[What is being asked]: Output each record below exactly. No images go in the copy.

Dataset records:
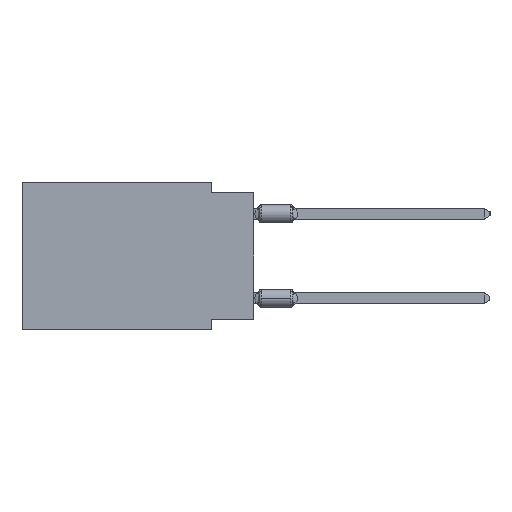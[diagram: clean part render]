
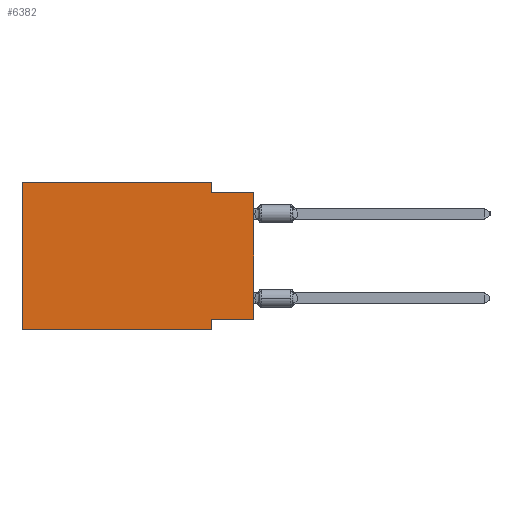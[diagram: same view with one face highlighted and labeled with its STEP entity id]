
A CAD part, left-side view. The second image highlights one B-rep face of the part: STEP entity #6382.
In plain terms, the highlighted planar face has unit normal (-1, 0, 0).
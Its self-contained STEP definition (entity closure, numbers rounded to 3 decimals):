
#3452 = DIRECTION ( 'NONE',  ( 0., 0., -1. ) ) ;
#3460 = CARTESIAN_POINT ( 'NONE',  ( 0., 2.54, -8.255 ) ) ;
#3485 = DIRECTION ( 'NONE',  ( 0., -1., 0. ) ) ;
#4440 = EDGE_CURVE ( 'NONE', #47209, #12175, #25603, .T. ) ;
#6382 = ADVANCED_FACE ( 'NONE', ( #32404 ), #49283, .F. ) ;
#7260 = DIRECTION ( 'NONE',  ( 1., 0., 0. ) ) ;
#7874 = EDGE_CURVE ( 'NONE', #29805, #12175, #27736, .T. ) ;
#8630 = ORIENTED_EDGE ( 'NONE', *, *, #47088, .F. ) ;
#9546 = VERTEX_POINT ( 'NONE', #3460 ) ;
#9796 = VECTOR ( 'NONE', #3485, 1000. ) ;
#11568 = CARTESIAN_POINT ( 'NONE',  ( 0., 13.97, 0. ) ) ;
#12175 = VERTEX_POINT ( 'NONE', #30275 ) ;
#12831 = LINE ( 'NONE', #33008, #28525 ) ;
#14293 = VECTOR ( 'NONE', #39953, 1000. ) ;
#14792 = LINE ( 'NONE', #44631, #14293 ) ;
#15834 = DIRECTION ( 'NONE',  ( 0., 0., -1. ) ) ;
#15843 = DIRECTION ( 'NONE',  ( 0., -1., 0. ) ) ;
#17256 = VERTEX_POINT ( 'NONE', #43246 ) ;
#17287 = EDGE_CURVE ( 'NONE', #26075, #46110, #44350, .T. ) ;
#17865 = ORIENTED_EDGE ( 'NONE', *, *, #40296, .F. ) ;
#18019 = VECTOR ( 'NONE', #27501, 1000. ) ;
#19022 = CARTESIAN_POINT ( 'NONE',  ( 0., 0., -8.255 ) ) ;
#19906 = LINE ( 'NONE', #49215, #33865 ) ;
#21514 = CARTESIAN_POINT ( 'NONE',  ( 0., 2.54, -8.89 ) ) ;
#23844 = EDGE_CURVE ( 'NONE', #17256, #43948, #45494, .T. ) ;
#25603 = LINE ( 'NONE', #38053, #48822 ) ;
#26075 = VERTEX_POINT ( 'NONE', #11568 ) ;
#26471 = VECTOR ( 'NONE', #32264, 1000. ) ;
#27218 = CARTESIAN_POINT ( 'NONE',  ( 0., 13.97, 0. ) ) ;
#27501 = DIRECTION ( 'NONE',  ( 0., -1., 0. ) ) ;
#27736 = LINE ( 'NONE', #36300, #48978 ) ;
#28525 = VECTOR ( 'NONE', #3452, 1000. ) ;
#29805 = VERTEX_POINT ( 'NONE', #31141 ) ;
#30275 = CARTESIAN_POINT ( 'NONE',  ( 0., 0., -0.635 ) ) ;
#31141 = CARTESIAN_POINT ( 'NONE',  ( 0., 2.54, -0.635 ) ) ;
#32264 = DIRECTION ( 'NONE',  ( 0., 1., 0. ) ) ;
#32404 = FACE_OUTER_BOUND ( 'NONE', #53157, .T. ) ;
#33008 = CARTESIAN_POINT ( 'NONE',  ( 0., 2.54, -8.89 ) ) ;
#33349 = DIRECTION ( 'NONE',  ( 0., 0., 1. ) ) ;
#33422 = ORIENTED_EDGE ( 'NONE', *, *, #4440, .T. ) ;
#33865 = VECTOR ( 'NONE', #53098, 1000. ) ;
#34551 = ORIENTED_EDGE ( 'NONE', *, *, #23844, .T. ) ;
#36300 = CARTESIAN_POINT ( 'NONE',  ( 0., 0., -0.635 ) ) ;
#38053 = CARTESIAN_POINT ( 'NONE',  ( 0., 0., 0. ) ) ;
#39953 = DIRECTION ( 'NONE',  ( 0., 0., 1. ) ) ;
#40296 = EDGE_CURVE ( 'NONE', #47209, #9546, #44428, .T. ) ;
#40684 = ORIENTED_EDGE ( 'NONE', *, *, #17287, .F. ) ;
#41081 = CARTESIAN_POINT ( 'NONE',  ( 0., 13.97, -8.89 ) ) ;
#42661 = CARTESIAN_POINT ( 'NONE',  ( 0., 0., -8.255 ) ) ;
#43246 = CARTESIAN_POINT ( 'NONE',  ( 0., 13.97, -8.89 ) ) ;
#43948 = VERTEX_POINT ( 'NONE', #21514 ) ;
#44350 = LINE ( 'NONE', #27218, #18019 ) ;
#44428 = LINE ( 'NONE', #19022, #26471 ) ;
#44631 = CARTESIAN_POINT ( 'NONE',  ( 0., 13.97, 0. ) ) ;
#44975 = ORIENTED_EDGE ( 'NONE', *, *, #7874, .F. ) ;
#45127 = CARTESIAN_POINT ( 'NONE',  ( 0., 13.97, 0. ) ) ;
#45494 = LINE ( 'NONE', #41081, #9796 ) ;
#45512 = ORIENTED_EDGE ( 'NONE', *, *, #51457, .F. ) ;
#45733 = EDGE_CURVE ( 'NONE', #17256, #26075, #14792, .T. ) ;
#46110 = VERTEX_POINT ( 'NONE', #50723 ) ;
#47088 = EDGE_CURVE ( 'NONE', #9546, #43948, #12831, .T. ) ;
#47209 = VERTEX_POINT ( 'NONE', #42661 ) ;
#48822 = VECTOR ( 'NONE', #33349, 1000. ) ;
#48978 = VECTOR ( 'NONE', #15843, 1000. ) ;
#49215 = CARTESIAN_POINT ( 'NONE',  ( 0., 2.54, 0. ) ) ;
#49283 = PLANE ( 'NONE',  #49884 ) ;
#49884 = AXIS2_PLACEMENT_3D ( 'NONE', #45127, #7260, #15834 ) ;
#50723 = CARTESIAN_POINT ( 'NONE',  ( 0., 2.54, 0. ) ) ;
#51457 = EDGE_CURVE ( 'NONE', #46110, #29805, #19906, .T. ) ;
#52279 = ORIENTED_EDGE ( 'NONE', *, *, #45733, .F. ) ;
#53098 = DIRECTION ( 'NONE',  ( 0., 0., -1. ) ) ;
#53157 = EDGE_LOOP ( 'NONE', ( #33422, #44975, #45512, #40684, #52279, #34551, #8630, #17865 ) ) ;

[Result]:
[diagram: clean part render]
[diagram: same view with one face highlighted and labeled with its STEP entity id]
A CAD part, left-side view. The second image highlights one B-rep face of the part: STEP entity #6382.
In plain terms, the highlighted planar face has unit normal (-1, 0, 0).
Its self-contained STEP definition (entity closure, numbers rounded to 3 decimals):
#3452 = DIRECTION ( 'NONE',  ( 0., 0., -1. ) ) ;
#3460 = CARTESIAN_POINT ( 'NONE',  ( 0., 2.54, -8.255 ) ) ;
#3485 = DIRECTION ( 'NONE',  ( 0., -1., 0. ) ) ;
#4440 = EDGE_CURVE ( 'NONE', #47209, #12175, #25603, .T. ) ;
#6382 = ADVANCED_FACE ( 'NONE', ( #32404 ), #49283, .F. ) ;
#7260 = DIRECTION ( 'NONE',  ( 1., 0., 0. ) ) ;
#7874 = EDGE_CURVE ( 'NONE', #29805, #12175, #27736, .T. ) ;
#8630 = ORIENTED_EDGE ( 'NONE', *, *, #47088, .F. ) ;
#9546 = VERTEX_POINT ( 'NONE', #3460 ) ;
#9796 = VECTOR ( 'NONE', #3485, 1000. ) ;
#11568 = CARTESIAN_POINT ( 'NONE',  ( 0., 13.97, 0. ) ) ;
#12175 = VERTEX_POINT ( 'NONE', #30275 ) ;
#12831 = LINE ( 'NONE', #33008, #28525 ) ;
#14293 = VECTOR ( 'NONE', #39953, 1000. ) ;
#14792 = LINE ( 'NONE', #44631, #14293 ) ;
#15834 = DIRECTION ( 'NONE',  ( 0., 0., -1. ) ) ;
#15843 = DIRECTION ( 'NONE',  ( 0., -1., 0. ) ) ;
#17256 = VERTEX_POINT ( 'NONE', #43246 ) ;
#17287 = EDGE_CURVE ( 'NONE', #26075, #46110, #44350, .T. ) ;
#17865 = ORIENTED_EDGE ( 'NONE', *, *, #40296, .F. ) ;
#18019 = VECTOR ( 'NONE', #27501, 1000. ) ;
#19022 = CARTESIAN_POINT ( 'NONE',  ( 0., 0., -8.255 ) ) ;
#19906 = LINE ( 'NONE', #49215, #33865 ) ;
#21514 = CARTESIAN_POINT ( 'NONE',  ( 0., 2.54, -8.89 ) ) ;
#23844 = EDGE_CURVE ( 'NONE', #17256, #43948, #45494, .T. ) ;
#25603 = LINE ( 'NONE', #38053, #48822 ) ;
#26075 = VERTEX_POINT ( 'NONE', #11568 ) ;
#26471 = VECTOR ( 'NONE', #32264, 1000. ) ;
#27218 = CARTESIAN_POINT ( 'NONE',  ( 0., 13.97, 0. ) ) ;
#27501 = DIRECTION ( 'NONE',  ( 0., -1., 0. ) ) ;
#27736 = LINE ( 'NONE', #36300, #48978 ) ;
#28525 = VECTOR ( 'NONE', #3452, 1000. ) ;
#29805 = VERTEX_POINT ( 'NONE', #31141 ) ;
#30275 = CARTESIAN_POINT ( 'NONE',  ( 0., 0., -0.635 ) ) ;
#31141 = CARTESIAN_POINT ( 'NONE',  ( 0., 2.54, -0.635 ) ) ;
#32264 = DIRECTION ( 'NONE',  ( 0., 1., 0. ) ) ;
#32404 = FACE_OUTER_BOUND ( 'NONE', #53157, .T. ) ;
#33008 = CARTESIAN_POINT ( 'NONE',  ( 0., 2.54, -8.89 ) ) ;
#33349 = DIRECTION ( 'NONE',  ( 0., 0., 1. ) ) ;
#33422 = ORIENTED_EDGE ( 'NONE', *, *, #4440, .T. ) ;
#33865 = VECTOR ( 'NONE', #53098, 1000. ) ;
#34551 = ORIENTED_EDGE ( 'NONE', *, *, #23844, .T. ) ;
#36300 = CARTESIAN_POINT ( 'NONE',  ( 0., 0., -0.635 ) ) ;
#38053 = CARTESIAN_POINT ( 'NONE',  ( 0., 0., 0. ) ) ;
#39953 = DIRECTION ( 'NONE',  ( 0., 0., 1. ) ) ;
#40296 = EDGE_CURVE ( 'NONE', #47209, #9546, #44428, .T. ) ;
#40684 = ORIENTED_EDGE ( 'NONE', *, *, #17287, .F. ) ;
#41081 = CARTESIAN_POINT ( 'NONE',  ( 0., 13.97, -8.89 ) ) ;
#42661 = CARTESIAN_POINT ( 'NONE',  ( 0., 0., -8.255 ) ) ;
#43246 = CARTESIAN_POINT ( 'NONE',  ( 0., 13.97, -8.89 ) ) ;
#43948 = VERTEX_POINT ( 'NONE', #21514 ) ;
#44350 = LINE ( 'NONE', #27218, #18019 ) ;
#44428 = LINE ( 'NONE', #19022, #26471 ) ;
#44631 = CARTESIAN_POINT ( 'NONE',  ( 0., 13.97, 0. ) ) ;
#44975 = ORIENTED_EDGE ( 'NONE', *, *, #7874, .F. ) ;
#45127 = CARTESIAN_POINT ( 'NONE',  ( 0., 13.97, 0. ) ) ;
#45494 = LINE ( 'NONE', #41081, #9796 ) ;
#45512 = ORIENTED_EDGE ( 'NONE', *, *, #51457, .F. ) ;
#45733 = EDGE_CURVE ( 'NONE', #17256, #26075, #14792, .T. ) ;
#46110 = VERTEX_POINT ( 'NONE', #50723 ) ;
#47088 = EDGE_CURVE ( 'NONE', #9546, #43948, #12831, .T. ) ;
#47209 = VERTEX_POINT ( 'NONE', #42661 ) ;
#48822 = VECTOR ( 'NONE', #33349, 1000. ) ;
#48978 = VECTOR ( 'NONE', #15843, 1000. ) ;
#49215 = CARTESIAN_POINT ( 'NONE',  ( 0., 2.54, 0. ) ) ;
#49283 = PLANE ( 'NONE',  #49884 ) ;
#49884 = AXIS2_PLACEMENT_3D ( 'NONE', #45127, #7260, #15834 ) ;
#50723 = CARTESIAN_POINT ( 'NONE',  ( 0., 2.54, 0. ) ) ;
#51457 = EDGE_CURVE ( 'NONE', #46110, #29805, #19906, .T. ) ;
#52279 = ORIENTED_EDGE ( 'NONE', *, *, #45733, .F. ) ;
#53098 = DIRECTION ( 'NONE',  ( 0., 0., -1. ) ) ;
#53157 = EDGE_LOOP ( 'NONE', ( #33422, #44975, #45512, #40684, #52279, #34551, #8630, #17865 ) ) ;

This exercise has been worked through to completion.